Depending on the individual dog, and as long as it was only occasionally, it should be possible - though a GR would likely not be happy with so little exercise either. You'd also have to give the dog some mental stimulation at home - either treat toys or training. Chasing or fetching a ball would be better than walking round the block on lead, or trotting beside a bicycle on an off-road path (once full grown) is a good way of covering a lot of ground in a short space of time.

That TV programme, the one with Kate Humble - her dog is a BC cross.


----------



## kare (Sep 8, 2014)

I have working lines Goldens.
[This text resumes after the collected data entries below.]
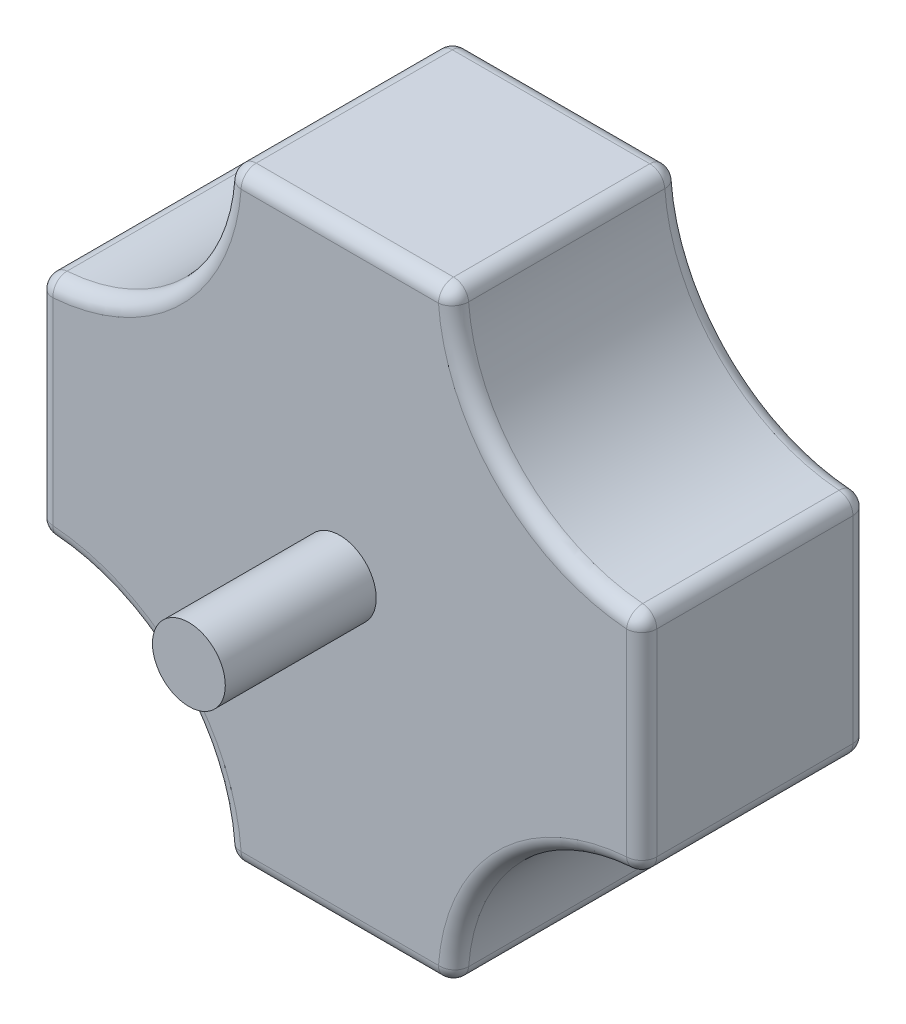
ISO-10303-21;
HEADER;
FILE_DESCRIPTION(('STEP AP214'),'2;1');
FILE_NAME('part.step','',(''),(''),'','','');
FILE_SCHEMA(('AUTOMOTIVE_DESIGN { 1 0 10303 214 1 1 1 1 }'));
ENDSEC;
DATA;
#1=APPLICATION_CONTEXT('core data for automotive mechanical design processes');
#2=APPLICATION_PROTOCOL_DEFINITION('international standard','automotive_design',2000,#1);
#3=PRODUCT_CONTEXT('',#1,'mechanical');
#4=PRODUCT('Part','Part','',(#3));
#5=PRODUCT_RELATED_PRODUCT_CATEGORY('part','',(#4));
#6=PRODUCT_DEFINITION_FORMATION('','',#4);
#7=PRODUCT_DEFINITION_CONTEXT('part definition',#1,'design');
#8=PRODUCT_DEFINITION('design','',#6,#7);
#9=PRODUCT_DEFINITION_SHAPE('','',#8);
#10=(LENGTH_UNIT() NAMED_UNIT(*) SI_UNIT(.MILLI.,.METRE.));
#11=(NAMED_UNIT(*) PLANE_ANGLE_UNIT() SI_UNIT($,.RADIAN.));
#12=(NAMED_UNIT(*) SI_UNIT($,.STERADIAN.) SOLID_ANGLE_UNIT());
#13=UNCERTAINTY_MEASURE_WITH_UNIT(LENGTH_MEASURE(1.E-05),#10,'distance_accuracy_value','');
#14=(GEOMETRIC_REPRESENTATION_CONTEXT(3) GLOBAL_UNCERTAINTY_ASSIGNED_CONTEXT((#13)) GLOBAL_UNIT_ASSIGNED_CONTEXT((#10,
#11,#12)) REPRESENTATION_CONTEXT('',''));
#15=CARTESIAN_POINT('',(0.,0.,0.));
#16=DIRECTION('',(0.,0.,1.));
#17=DIRECTION('',(1.,0.,0.));
#18=AXIS2_PLACEMENT_3D('',#15,#16,#17);
#19=CARTESIAN_POINT('',(20.,20.,15.));
#20=DIRECTION('',(0.,0.,-1.));
#21=DIRECTION('',(-1.,0.,0.));
#22=AXIS2_PLACEMENT_3D('',#19,#20,#21);
#23=PLANE('',#22);
#24=DIRECTION('',(1.,0.,0.));
#25=VECTOR('',#24,1.);
#26=CARTESIAN_POINT('',(20.,-19.,15.));
#27=LINE('',#26,#25);
#28=CARTESIAN_POINT('',(-6.53708798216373,-19.,15.));
#29=VERTEX_POINT('',#28);
#30=CARTESIAN_POINT('',(6.53708798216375,-19.,15.));
#31=VERTEX_POINT('',#30);
#32=EDGE_CURVE('E48',#29,#31,#27,.T.);
#33=ORIENTED_EDGE('',*,*,#32,.T.);
#34=CARTESIAN_POINT('',(20.,-20.,15.));
#35=DIRECTION('',(0.,0.,-1.));
#36=DIRECTION('',(-1.,0.,0.));
#37=AXIS2_PLACEMENT_3D('',#34,#35,#36);
#38=CIRCLE('',#37,13.5);
#39=CARTESIAN_POINT('',(19.,-6.53708798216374,15.));
#40=VERTEX_POINT('',#39);
#41=EDGE_CURVE('E41',#31,#40,#38,.T.);
#42=ORIENTED_EDGE('',*,*,#41,.T.);
#43=DIRECTION('',(0.,1.,0.));
#44=VECTOR('',#43,1.);
#45=CARTESIAN_POINT('',(19.,20.,15.));
#46=LINE('',#45,#44);
#47=CARTESIAN_POINT('',(19.,6.53708798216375,15.));
#48=VERTEX_POINT('',#47);
#49=EDGE_CURVE('E312',#40,#48,#46,.T.);
#50=ORIENTED_EDGE('',*,*,#49,.T.);
#51=CARTESIAN_POINT('',(20.,20.,15.));
#52=DIRECTION('',(0.,0.,-1.));
#53=DIRECTION('',(-1.,0.,0.));
#54=AXIS2_PLACEMENT_3D('',#51,#52,#53);
#55=CIRCLE('',#54,13.5);
#56=CARTESIAN_POINT('',(6.53708798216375,19.,15.));
#57=VERTEX_POINT('',#56);
#58=EDGE_CURVE('E314',#48,#57,#55,.T.);
#59=ORIENTED_EDGE('',*,*,#58,.T.);
#60=DIRECTION('',(-1.,0.,0.));
#61=VECTOR('',#60,1.);
#62=CARTESIAN_POINT('',(20.,19.,15.));
#63=LINE('',#62,#61);
#64=CARTESIAN_POINT('',(-6.53708798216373,19.,15.));
#65=VERTEX_POINT('',#64);
#66=EDGE_CURVE('E316',#57,#65,#63,.T.);
#67=ORIENTED_EDGE('',*,*,#66,.T.);
#68=CARTESIAN_POINT('',(-20.,20.,15.));
#69=DIRECTION('',(0.,0.,-1.));
#70=DIRECTION('',(-1.,0.,0.));
#71=AXIS2_PLACEMENT_3D('',#68,#69,#70);
#72=CIRCLE('',#71,13.5);
#73=CARTESIAN_POINT('',(-19.,6.53708798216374,15.));
#74=VERTEX_POINT('',#73);
#75=EDGE_CURVE('E318',#65,#74,#72,.T.);
#76=ORIENTED_EDGE('',*,*,#75,.T.);
#77=DIRECTION('',(0.,-1.,0.));
#78=VECTOR('',#77,1.);
#79=CARTESIAN_POINT('',(-19.,20.,15.));
#80=LINE('',#79,#78);
#81=CARTESIAN_POINT('',(-19.,-6.53708798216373,15.));
#82=VERTEX_POINT('',#81);
#83=EDGE_CURVE('E320',#74,#82,#80,.T.);
#84=ORIENTED_EDGE('',*,*,#83,.T.);
#85=CARTESIAN_POINT('',(-20.,-20.,15.));
#86=DIRECTION('',(0.,0.,-1.));
#87=DIRECTION('',(-1.,0.,0.));
#88=AXIS2_PLACEMENT_3D('',#85,#86,#87);
#89=CIRCLE('',#88,13.5);
#90=EDGE_CURVE('E53',#82,#29,#89,.T.);
#91=ORIENTED_EDGE('',*,*,#90,.T.);
#92=EDGE_LOOP('',(#33,#42,#50,#59,#67,#76,#84,#91));
#93=FACE_BOUND('',#92,.T.);
#94=CARTESIAN_POINT('',(0.,0.,15.));
#95=DIRECTION('',(0.,0.,-1.));
#96=DIRECTION('',(-1.,0.,0.));
#97=AXIS2_PLACEMENT_3D('',#94,#95,#96);
#98=CIRCLE('',#97,2.413);
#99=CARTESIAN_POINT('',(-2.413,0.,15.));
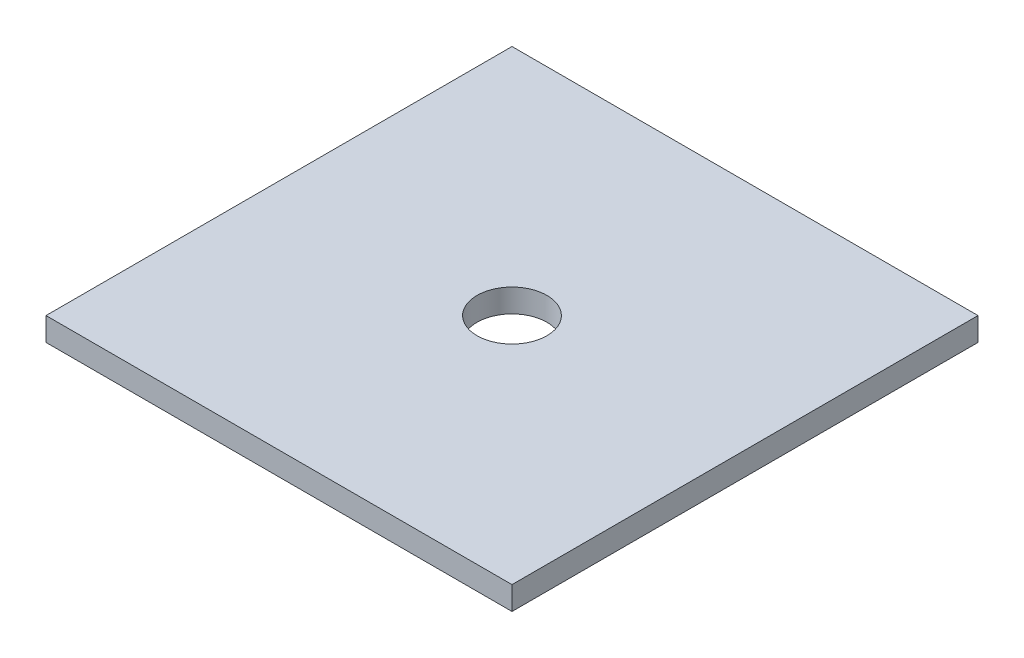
ISO-10303-21;
HEADER;
FILE_DESCRIPTION(('STEP AP214'),'2;1');
FILE_NAME('part.step','',(''),(''),'','','');
FILE_SCHEMA(('AUTOMOTIVE_DESIGN { 1 0 10303 214 1 1 1 1 }'));
ENDSEC;
DATA;
#1=APPLICATION_CONTEXT('core data for automotive mechanical design processes');
#2=APPLICATION_PROTOCOL_DEFINITION('international standard','automotive_design',2000,#1);
#3=PRODUCT_CONTEXT('',#1,'mechanical');
#4=PRODUCT('Part','Part','',(#3));
#5=PRODUCT_RELATED_PRODUCT_CATEGORY('part','',(#4));
#6=PRODUCT_DEFINITION_FORMATION('','',#4);
#7=PRODUCT_DEFINITION_CONTEXT('part definition',#1,'design');
#8=PRODUCT_DEFINITION('design','',#6,#7);
#9=PRODUCT_DEFINITION_SHAPE('','',#8);
#10=(LENGTH_UNIT() NAMED_UNIT(*) SI_UNIT(.MILLI.,.METRE.));
#11=(NAMED_UNIT(*) PLANE_ANGLE_UNIT() SI_UNIT($,.RADIAN.));
#12=(NAMED_UNIT(*) SI_UNIT($,.STERADIAN.) SOLID_ANGLE_UNIT());
#13=UNCERTAINTY_MEASURE_WITH_UNIT(LENGTH_MEASURE(1.E-05),#10,'distance_accuracy_value','');
#14=(GEOMETRIC_REPRESENTATION_CONTEXT(3) GLOBAL_UNCERTAINTY_ASSIGNED_CONTEXT((#13)) GLOBAL_UNIT_ASSIGNED_CONTEXT((#10,
#11,#12)) REPRESENTATION_CONTEXT('',''));
#15=CARTESIAN_POINT('',(0.,0.,0.));
#16=DIRECTION('',(0.,0.,1.));
#17=DIRECTION('',(1.,0.,0.));
#18=AXIS2_PLACEMENT_3D('',#15,#16,#17);
#19=CARTESIAN_POINT('',(0.,3.,-60.));
#20=DIRECTION('',(0.,-1.,0.));
#21=DIRECTION('',(0.,0.,-1.));
#22=AXIS2_PLACEMENT_3D('',#19,#20,#21);
#23=PLANE('',#22);
#24=DIRECTION('',(0.,0.,1.));
#25=VECTOR('',#24,1.);
#26=CARTESIAN_POINT('',(0.,3.,0.));
#27=LINE('',#26,#25);
#28=CARTESIAN_POINT('',(0.,3.,-60.));
#29=VERTEX_POINT('',#28);
#30=CARTESIAN_POINT('',(0.,3.,0.));
#31=VERTEX_POINT('',#30);
#32=EDGE_CURVE('E83',#29,#31,#27,.T.);
#33=ORIENTED_EDGE('',*,*,#32,.T.);
#34=DIRECTION('',(1.,0.,0.));
#35=VECTOR('',#34,1.);
#36=CARTESIAN_POINT('',(0.,3.,0.));
#37=LINE('',#36,#35);
#38=CARTESIAN_POINT('',(60.,3.,0.));
#39=VERTEX_POINT('',#38);
#40=EDGE_CURVE('E78',#31,#39,#37,.T.);
#41=ORIENTED_EDGE('',*,*,#40,.T.);
#42=DIRECTION('',(0.,0.,-1.));
#43=VECTOR('',#42,1.);
#44=CARTESIAN_POINT('',(60.,3.,0.));
#45=LINE('',#44,#43);
#46=CARTESIAN_POINT('',(60.,3.,-60.));
#47=VERTEX_POINT('',#46);
#48=EDGE_CURVE('E81',#39,#47,#45,.T.);
#49=ORIENTED_EDGE('',*,*,#48,.T.);
#50=DIRECTION('',(-1.,0.,0.));
#51=VECTOR('',#50,1.);
#52=CARTESIAN_POINT('',(0.,3.,-60.));
#53=LINE('',#52,#51);
#54=EDGE_CURVE('E48',#47,#29,#53,.T.);
#55=ORIENTED_EDGE('',*,*,#54,.T.);
#56=EDGE_LOOP('',(#33,#41,#49,#55));
#57=FACE_BOUND('',#56,.T.);
#58=CARTESIAN_POINT('',(30.,3.,-30.));
#59=DIRECTION('',(0.,1.,0.));
#60=DIRECTION('',(0.,0.,1.));
#61=AXIS2_PLACEMENT_3D('',#58,#59,#60);
#62=CIRCLE('',#61,4.5);
#63=CARTESIAN_POINT('',(30.,3.,-25.5));
#64=VERTEX_POINT('',#63);
#65=EDGE_CURVE('E98',#64,#64,#62,.T.);
#66=ORIENTED_EDGE('',*,*,#65,.F.);
#67=EDGE_LOOP('',(#66));
#68=FACE_BOUND('',#67,.T.);
#69=ADVANCED_FACE('F31',(#57,#68),#23,.F.);
#70=CARTESIAN_POINT('',(0.,0.,-60.));
#71=DIRECTION('',(0.,-1.,0.));
#72=DIRECTION('',(0.,0.,-1.));
#73=AXIS2_PLACEMENT_3D('',#70,#71,#72);
#74=PLANE('',#73);
#75=DIRECTION('',(0.,0.,1.));
#76=VECTOR('',#75,1.);
#77=CARTESIAN_POINT('',(0.,0.,0.));
#78=LINE('',#77,#76);
#79=CARTESIAN_POINT('',(0.,0.,-60.));
#80=VERTEX_POINT('',#79);
#81=CARTESIAN_POINT('',(0.,0.,0.));
#82=VERTEX_POINT('',#81);
#83=EDGE_CURVE('E95',#80,#82,#78,.T.);
#84=ORIENTED_EDGE('',*,*,#83,.F.);
#85=DIRECTION('',(-1.,0.,0.));
#86=VECTOR('',#85,1.);
#87=CARTESIAN_POINT('',(0.,0.,-60.));
#88=LINE('',#87,#86);
#89=CARTESIAN_POINT('',(60.,0.,-60.));
#90=VERTEX_POINT('',#89);
#91=EDGE_CURVE('E71',#90,#80,#88,.T.);
#92=ORIENTED_EDGE('',*,*,#91,.F.);
#93=DIRECTION('',(0.,0.,-1.));
#94=VECTOR('',#93,1.);
#95=CARTESIAN_POINT('',(60.,0.,0.));
#96=LINE('',#95,#94);
#97=CARTESIAN_POINT('',(60.,0.,0.));
#98=VERTEX_POINT('',#97);
#99=EDGE_CURVE('E65',#98,#90,#96,.T.);
#100=ORIENTED_EDGE('',*,*,#99,.F.);
#101=DIRECTION('',(1.,0.,0.));
#102=VECTOR('',#101,1.);
#103=CARTESIAN_POINT('',(0.,0.,0.));
#104=LINE('',#103,#102);
#105=EDGE_CURVE('E87',#82,#98,#104,.T.);
#106=ORIENTED_EDGE('',*,*,#105,.F.);
#107=EDGE_LOOP('',(#84,#92,#100,#106));
#108=FACE_BOUND('',#107,.T.);
#109=CARTESIAN_POINT('',(30.,0.,-30.));
#110=DIRECTION('',(0.,1.,0.));
#111=DIRECTION('',(0.,0.,1.));
#112=AXIS2_PLACEMENT_3D('',#109,#110,#111);
#113=CIRCLE('',#112,4.5);
#114=CARTESIAN_POINT('',(30.,0.,-25.5));
#115=VERTEX_POINT('',#114);
#116=EDGE_CURVE('E110',#115,#115,#113,.T.);
#117=ORIENTED_EDGE('',*,*,#116,.T.);
#118=EDGE_LOOP('',(#117));
#119=FACE_BOUND('',#118,.T.);
#120=ADVANCED_FACE('F106',(#108,#119),#74,.T.);
#121=CARTESIAN_POINT('',(0.,3.,0.));
#122=DIRECTION('',(1.,0.,0.));
#123=DIRECTION('',(0.,0.,-1.));
#124=AXIS2_PLACEMENT_3D('',#121,#122,#123);
#125=PLANE('',#124);
#126=ORIENTED_EDGE('',*,*,#83,.T.);
#127=DIRECTION('',(0.,-1.,0.));
#128=VECTOR('',#127,1.);
#129=CARTESIAN_POINT('',(0.,3.,0.));
#130=LINE('',#129,#128);
#131=EDGE_CURVE('E11',#31,#82,#130,.T.);
#132=ORIENTED_EDGE('',*,*,#131,.F.);
#133=ORIENTED_EDGE('',*,*,#32,.F.);
#134=DIRECTION('',(0.,-1.,0.));
#135=VECTOR('',#134,1.);
#136=CARTESIAN_POINT('',(0.,3.,-60.));
#137=LINE('',#136,#135);
#138=EDGE_CURVE('E91',#29,#80,#137,.T.);
#139=ORIENTED_EDGE('',*,*,#138,.T.);
#140=EDGE_LOOP('',(#126,#132,#133,#139));
#141=FACE_BOUND('',#140,.T.);
#142=ADVANCED_FACE('F33',(#141),#125,.F.);
#143=CARTESIAN_POINT('',(0.,3.,0.));
#144=DIRECTION('',(0.,0.,-1.));
#145=DIRECTION('',(-1.,0.,0.));
#146=AXIS2_PLACEMENT_3D('',#143,#144,#145);
#147=PLANE('',#146);
#148=ORIENTED_EDGE('',*,*,#105,.T.);
#149=DIRECTION('',(0.,-1.,0.));
#150=VECTOR('',#149,1.);
#151=CARTESIAN_POINT('',(60.,3.,0.));
#152=LINE('',#151,#150);
#153=EDGE_CURVE('E40',#39,#98,#152,.T.);
#154=ORIENTED_EDGE('',*,*,#153,.F.);
#155=ORIENTED_EDGE('',*,*,#40,.F.);
#156=ORIENTED_EDGE('',*,*,#131,.T.);
#157=EDGE_LOOP('',(#148,#154,#155,#156));
#158=FACE_BOUND('',#157,.T.);
#159=ADVANCED_FACE('F86',(#158),#147,.F.);
#160=CARTESIAN_POINT('',(60.,3.,0.));
#161=DIRECTION('',(-1.,0.,0.));
#162=DIRECTION('',(0.,0.,1.));
#163=AXIS2_PLACEMENT_3D('',#160,#161,#162);
#164=PLANE('',#163);
#165=ORIENTED_EDGE('',*,*,#99,.T.);
#166=DIRECTION('',(0.,-1.,0.));
#167=VECTOR('',#166,1.);
#168=CARTESIAN_POINT('',(60.,3.,-60.));
#169=LINE('',#168,#167);
#170=EDGE_CURVE('E88',#47,#90,#169,.T.);
#171=ORIENTED_EDGE('',*,*,#170,.F.);
#172=ORIENTED_EDGE('',*,*,#48,.F.);
#173=ORIENTED_EDGE('',*,*,#153,.T.);
#174=EDGE_LOOP('',(#165,#171,#172,#173));
#175=FACE_BOUND('',#174,.T.);
#176=ADVANCED_FACE('F89',(#175),#164,.F.);
#177=CARTESIAN_POINT('',(0.,3.,-60.));
#178=DIRECTION('',(0.,0.,1.));
#179=DIRECTION('',(1.,0.,0.));
#180=AXIS2_PLACEMENT_3D('',#177,#178,#179);
#181=PLANE('',#180);
#182=ORIENTED_EDGE('',*,*,#91,.T.);
#183=ORIENTED_EDGE('',*,*,#138,.F.);
#184=ORIENTED_EDGE('',*,*,#54,.F.);
#185=ORIENTED_EDGE('',*,*,#170,.T.);
#186=EDGE_LOOP('',(#182,#183,#184,#185));
#187=FACE_BOUND('',#186,.T.);
#188=ADVANCED_FACE('F103',(#187),#181,.F.);
#189=CARTESIAN_POINT('',(30.,3.,-30.));
#190=DIRECTION('',(0.,-1.,0.));
#191=DIRECTION('',(0.,0.,-1.));
#192=AXIS2_PLACEMENT_3D('',#189,#190,#191);
#193=CYLINDRICAL_SURFACE('',#192,4.5);
#194=ORIENTED_EDGE('',*,*,#65,.T.);
#195=EDGE_LOOP('',(#194));
#196=FACE_BOUND('',#195,.T.);
#197=ORIENTED_EDGE('',*,*,#116,.F.);
#198=EDGE_LOOP('',(#197));
#199=FACE_BOUND('',#198,.T.);
#200=ADVANCED_FACE('F116',(#196,#199),#193,.F.);
#201=CLOSED_SHELL('',(#69,#120,#142,#159,#176,#188,#200));
#202=MANIFOLD_SOLID_BREP('B2',#201);
#203=ADVANCED_BREP_SHAPE_REPRESENTATION('',(#18,#202),#14);
#204=SHAPE_DEFINITION_REPRESENTATION(#9,#203);
ENDSEC;
END-ISO-10303-21;

There is a great group on Facebook for Working Golden retrievers.










My dogs are just pets and have to admit I have not met many Goldens who are "hot" rather the issue being too many larger lines becoming elderly before their years due to heavier weights. My older Golden has a number of Holway lines through her pedigree and is a very relaxed dog. Yes they can be full on as pups, which dogs can't? I have nothing to compare to though, my only pup other than my youngest golden was a Flatcoat which are known as being bananas.

A number of show breeders ARE introducing field lines, cannot imagine many field breeders would purposely introduce show lines. Not only would it put a resulting dog at disadvantage for trials or working, but the cancer rates in working lines does seem to hold lower than the show lines.

There are a number of people discussing their litter plans on https://m.facebook.com/groups/304087326360033


----------



## morphtastic (Feb 5, 2015)

I have working line goldies as well. They would all willingly walk and run all day but are quite happy to relax at home and are eager to learn. my young puppy is just 12 weeks.


----------



## evel-lin (Jul 1, 2010)

I've got a 16 month old male English Shepherd, they're smart dogs but depending on their lines and age you do get some guarding behaviours with them. They're not a dog you can just do the basics with, they need a job to do. I'm currently doing obedience training with my boy (his breeder does classes in Northampton and as I've seen you've posted on the facebook group it might be something you could pop along to?) and I'm planning on starting canicross with him when he's 18 months


----------



## labradrk (Dec 10, 2012)

I know a lot of working line Goldies and to be honest they are the most relaxed dogs you could imagine. Active when out, but then most dogs are. Horizontal laid back when inside, and I know two of them with first-time dog owners. The show line Golden's I know just don't have the same spark, and one I used to look after was a sweet dog, but goodness there was nothing going on upstairs. I'd never known a dog so lacklustre and lacking in any enthusiasm for life! although saying that one of the working line Goldies I know is also a bit thick lol, but temperament wise he'd suit 95% of dog owners.


----------



## Siskin (Nov 13, 2012)

neuvilla said:


> Isla sounds wonderful and she's exactly what we're looking for! And we also fully acknowledge that the first 18 months will require lots of hard work with a puppy, and are happy to put the work in. Would you be able to tell me the breeder for Isla?
> 
> Another thing to say is that, while I prefer the look of working line retrievers, the temperament really is the priority.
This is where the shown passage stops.